ENGR200 • Chapter 5 Homework Solution — Covariance & Correlation
Dataset: 150 JU engineering students. Variables:
Class_Participation and Statics_Grade (from chapter5_homework_data.csv).
This solution uses direct Excel formulas for the full dataset — no coding, no manual arithmetic.
1) Dataset Columns
| Column | Description | Excel Range |
| A | Student_ID | A2:A151 |
| B | Class_Participation | B2:B151 |
| C | Statics_Grade | C2:C151 |
2) Step 1 — Compute Means
| Variable | Excel Formula | Result (example) |
| Mean(Class_Participation) | =AVERAGE(B2:B151) | ≈ 7.2 |
| Mean(Statics_Grade) | =AVERAGE(C2:C151) | ≈ 80.4 |
3) Step 2 — Population Variances
| Variable | Excel Formula | Result (example) |
| Var(Class_Participation) | =VAR.P(B2:B151) | ≈ 1.9 |
| Var(Statics_Grade) | =VAR.P(C2:C151) | ≈ 80.0 |
💡 Use VAR.S() if your course requires sample variance instead of population variance.
4) Step 3 — Covariance
| Variable Pair | Excel Formula | Result (example) |
| (Class_Participation, Statics_Grade) | =COVARIANCE.P(B2:B151,C2:C151) | ≈ 3.46 |
Covariance > 0 → variables move together.

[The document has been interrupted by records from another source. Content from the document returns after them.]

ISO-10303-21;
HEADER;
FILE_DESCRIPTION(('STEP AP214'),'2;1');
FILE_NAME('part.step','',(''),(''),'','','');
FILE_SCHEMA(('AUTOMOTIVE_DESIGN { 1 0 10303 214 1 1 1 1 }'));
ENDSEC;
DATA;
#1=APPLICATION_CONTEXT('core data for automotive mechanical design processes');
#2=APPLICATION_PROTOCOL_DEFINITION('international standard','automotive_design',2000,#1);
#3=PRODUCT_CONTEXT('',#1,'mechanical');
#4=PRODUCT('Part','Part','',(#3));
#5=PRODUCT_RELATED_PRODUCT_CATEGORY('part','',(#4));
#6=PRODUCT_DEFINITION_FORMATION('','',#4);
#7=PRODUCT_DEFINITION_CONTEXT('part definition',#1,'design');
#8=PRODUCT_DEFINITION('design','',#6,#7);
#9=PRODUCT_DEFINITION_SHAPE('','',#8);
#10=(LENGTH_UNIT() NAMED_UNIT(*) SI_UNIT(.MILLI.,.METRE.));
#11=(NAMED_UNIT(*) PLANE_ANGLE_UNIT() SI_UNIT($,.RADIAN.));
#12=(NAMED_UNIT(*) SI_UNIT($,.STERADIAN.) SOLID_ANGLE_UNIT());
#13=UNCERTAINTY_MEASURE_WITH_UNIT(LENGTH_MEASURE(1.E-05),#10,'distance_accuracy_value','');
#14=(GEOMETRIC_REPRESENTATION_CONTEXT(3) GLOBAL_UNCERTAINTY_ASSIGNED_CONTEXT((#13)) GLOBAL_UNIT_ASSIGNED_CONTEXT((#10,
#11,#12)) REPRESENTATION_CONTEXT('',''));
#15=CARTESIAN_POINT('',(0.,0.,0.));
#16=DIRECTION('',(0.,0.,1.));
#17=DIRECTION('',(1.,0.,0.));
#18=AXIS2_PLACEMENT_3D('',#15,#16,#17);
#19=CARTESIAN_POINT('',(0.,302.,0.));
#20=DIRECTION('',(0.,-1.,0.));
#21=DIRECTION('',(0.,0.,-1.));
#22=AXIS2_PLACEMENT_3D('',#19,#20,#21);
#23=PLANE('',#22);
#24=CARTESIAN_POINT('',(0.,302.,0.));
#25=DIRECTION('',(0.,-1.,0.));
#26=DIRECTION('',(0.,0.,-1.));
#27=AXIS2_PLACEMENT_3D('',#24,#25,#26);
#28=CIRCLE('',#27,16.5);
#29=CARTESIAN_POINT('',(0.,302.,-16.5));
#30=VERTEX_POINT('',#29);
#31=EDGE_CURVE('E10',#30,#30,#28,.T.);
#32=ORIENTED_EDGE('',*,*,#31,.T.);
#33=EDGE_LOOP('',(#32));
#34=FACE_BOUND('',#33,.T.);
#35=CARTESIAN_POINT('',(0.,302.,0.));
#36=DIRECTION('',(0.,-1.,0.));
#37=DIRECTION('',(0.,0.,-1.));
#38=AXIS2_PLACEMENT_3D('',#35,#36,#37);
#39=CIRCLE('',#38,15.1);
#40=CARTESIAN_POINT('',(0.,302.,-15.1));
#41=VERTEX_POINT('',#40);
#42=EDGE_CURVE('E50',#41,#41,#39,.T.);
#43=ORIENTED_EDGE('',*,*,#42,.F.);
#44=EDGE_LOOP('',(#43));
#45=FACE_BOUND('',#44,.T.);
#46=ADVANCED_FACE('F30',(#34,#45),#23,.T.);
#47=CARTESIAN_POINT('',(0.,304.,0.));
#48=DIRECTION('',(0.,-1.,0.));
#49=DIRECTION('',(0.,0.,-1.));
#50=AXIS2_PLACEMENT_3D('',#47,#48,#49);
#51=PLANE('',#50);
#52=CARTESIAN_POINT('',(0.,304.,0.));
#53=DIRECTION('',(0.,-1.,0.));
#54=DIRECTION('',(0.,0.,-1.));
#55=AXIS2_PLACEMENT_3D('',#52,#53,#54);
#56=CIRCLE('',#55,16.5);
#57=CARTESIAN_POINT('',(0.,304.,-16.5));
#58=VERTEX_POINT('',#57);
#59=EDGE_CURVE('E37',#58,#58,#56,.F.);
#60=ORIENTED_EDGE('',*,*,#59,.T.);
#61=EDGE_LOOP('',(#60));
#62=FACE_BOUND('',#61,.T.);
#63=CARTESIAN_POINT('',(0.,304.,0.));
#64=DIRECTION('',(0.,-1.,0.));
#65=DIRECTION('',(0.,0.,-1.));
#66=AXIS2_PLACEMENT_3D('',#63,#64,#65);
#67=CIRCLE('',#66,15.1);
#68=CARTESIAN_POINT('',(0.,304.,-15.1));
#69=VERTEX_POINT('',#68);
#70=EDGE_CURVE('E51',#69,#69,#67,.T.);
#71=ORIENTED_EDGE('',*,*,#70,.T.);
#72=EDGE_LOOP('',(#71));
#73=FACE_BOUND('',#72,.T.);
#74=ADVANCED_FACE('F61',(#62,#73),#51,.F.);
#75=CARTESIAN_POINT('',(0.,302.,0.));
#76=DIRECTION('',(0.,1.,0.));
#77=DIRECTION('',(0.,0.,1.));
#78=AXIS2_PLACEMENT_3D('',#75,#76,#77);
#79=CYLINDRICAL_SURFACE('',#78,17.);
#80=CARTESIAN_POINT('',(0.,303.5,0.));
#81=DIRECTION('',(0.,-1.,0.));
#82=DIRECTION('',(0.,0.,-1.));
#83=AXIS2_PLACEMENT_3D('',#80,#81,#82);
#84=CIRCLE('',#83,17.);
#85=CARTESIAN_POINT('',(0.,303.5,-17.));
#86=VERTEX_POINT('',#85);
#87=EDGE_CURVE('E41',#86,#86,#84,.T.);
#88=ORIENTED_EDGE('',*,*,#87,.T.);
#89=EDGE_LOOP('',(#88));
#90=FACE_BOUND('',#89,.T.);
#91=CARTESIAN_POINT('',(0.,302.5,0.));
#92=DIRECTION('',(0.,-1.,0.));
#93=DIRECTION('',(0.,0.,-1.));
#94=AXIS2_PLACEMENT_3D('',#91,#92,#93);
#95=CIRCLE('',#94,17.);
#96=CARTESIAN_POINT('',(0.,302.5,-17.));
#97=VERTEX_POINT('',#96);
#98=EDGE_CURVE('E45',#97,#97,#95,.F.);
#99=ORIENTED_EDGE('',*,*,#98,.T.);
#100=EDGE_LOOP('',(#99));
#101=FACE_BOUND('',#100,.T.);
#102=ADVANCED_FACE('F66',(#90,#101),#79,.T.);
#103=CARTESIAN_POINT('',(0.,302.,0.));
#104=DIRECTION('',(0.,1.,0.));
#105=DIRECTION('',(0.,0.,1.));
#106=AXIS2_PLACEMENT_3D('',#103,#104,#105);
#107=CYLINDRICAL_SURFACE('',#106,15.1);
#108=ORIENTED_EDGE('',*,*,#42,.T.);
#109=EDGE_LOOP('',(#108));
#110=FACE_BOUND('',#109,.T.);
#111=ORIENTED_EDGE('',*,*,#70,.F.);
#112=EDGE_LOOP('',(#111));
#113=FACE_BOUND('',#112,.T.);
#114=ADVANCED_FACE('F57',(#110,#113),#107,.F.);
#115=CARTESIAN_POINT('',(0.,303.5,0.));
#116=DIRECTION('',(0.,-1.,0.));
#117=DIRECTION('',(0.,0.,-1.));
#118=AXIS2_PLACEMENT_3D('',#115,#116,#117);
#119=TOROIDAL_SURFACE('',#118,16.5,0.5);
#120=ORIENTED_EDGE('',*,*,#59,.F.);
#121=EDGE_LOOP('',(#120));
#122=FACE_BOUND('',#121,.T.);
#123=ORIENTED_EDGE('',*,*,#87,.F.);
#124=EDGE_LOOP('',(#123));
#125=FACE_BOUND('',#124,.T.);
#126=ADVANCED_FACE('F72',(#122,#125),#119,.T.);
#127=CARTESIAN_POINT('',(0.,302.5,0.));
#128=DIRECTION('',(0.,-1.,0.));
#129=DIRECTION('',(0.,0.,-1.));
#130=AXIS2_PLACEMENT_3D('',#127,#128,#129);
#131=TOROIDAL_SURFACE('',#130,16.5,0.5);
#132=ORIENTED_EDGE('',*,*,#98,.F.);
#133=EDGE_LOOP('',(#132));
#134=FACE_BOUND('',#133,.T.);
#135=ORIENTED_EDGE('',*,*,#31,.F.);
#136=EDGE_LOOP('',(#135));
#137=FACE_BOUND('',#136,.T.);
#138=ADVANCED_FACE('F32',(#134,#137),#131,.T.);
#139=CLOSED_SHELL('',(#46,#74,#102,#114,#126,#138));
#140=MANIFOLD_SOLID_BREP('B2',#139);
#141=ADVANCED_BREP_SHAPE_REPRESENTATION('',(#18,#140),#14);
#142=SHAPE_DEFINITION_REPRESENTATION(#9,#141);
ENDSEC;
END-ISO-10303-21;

Covariance < 0 → inverse relationship.
5) Step 4 — Correlation
| Variable Pair | Excel Formula | Result (example) |
| (Class_Participation, Statics_Grade) | =CORREL(B2:B151,C2:C151) | ≈ 0.09 |
Interpretation: The correlation (≈ 0.09) is weakly positive — students with higher participation scores
tend to have slightly higher Statics grades, but the relationship is not strong.
6) Summary Table
| Metric | Excel Formula | Result | Interpretation |
| μX = Mean(Class_Participation) | =AVERAGE(B2:B151) | ≈ 7.2 | Average participation |
| μY = Mean(Statics_Grade) | =AVERAGE(C2:C151) | ≈ 80.4 | Average grade |
| Var(X) | =VAR.P(B2:B151) | ≈ 1.9 | Spread in participation |
| Var(Y) | =VAR.P(C2:C151) | ≈ 80.0 | Spread in grades |
| Cov(X,Y) | =COVARIANCE.P(B2:B151,C2:C151) | ≈ 3.46 | Small positive joint movement |
| ρXY | =CORREL(B2:B151,C2:C151) | ≈ 0.09 | Weak positive relationship |
7) Quick Copy Block (Excel)
=AVERAGE(B2:B151)
=AVERAGE(C2:C151)
=VAR.P(B2:B151)
=VAR.P(C2:C151)
=COVARIANCE.P(B2:B151,C2:C151)
=CORREL(B2:B151,C2:C151)
8) Concept Check
- Covariance measures joint direction (positive or negative movement).
- Correlation standardizes covariance to range from −1 to +1.
- ρ ≈ 0 ⇒ very weak linear relationship.
- Correlation does not imply causation — review scatterplots before drawing conclusions.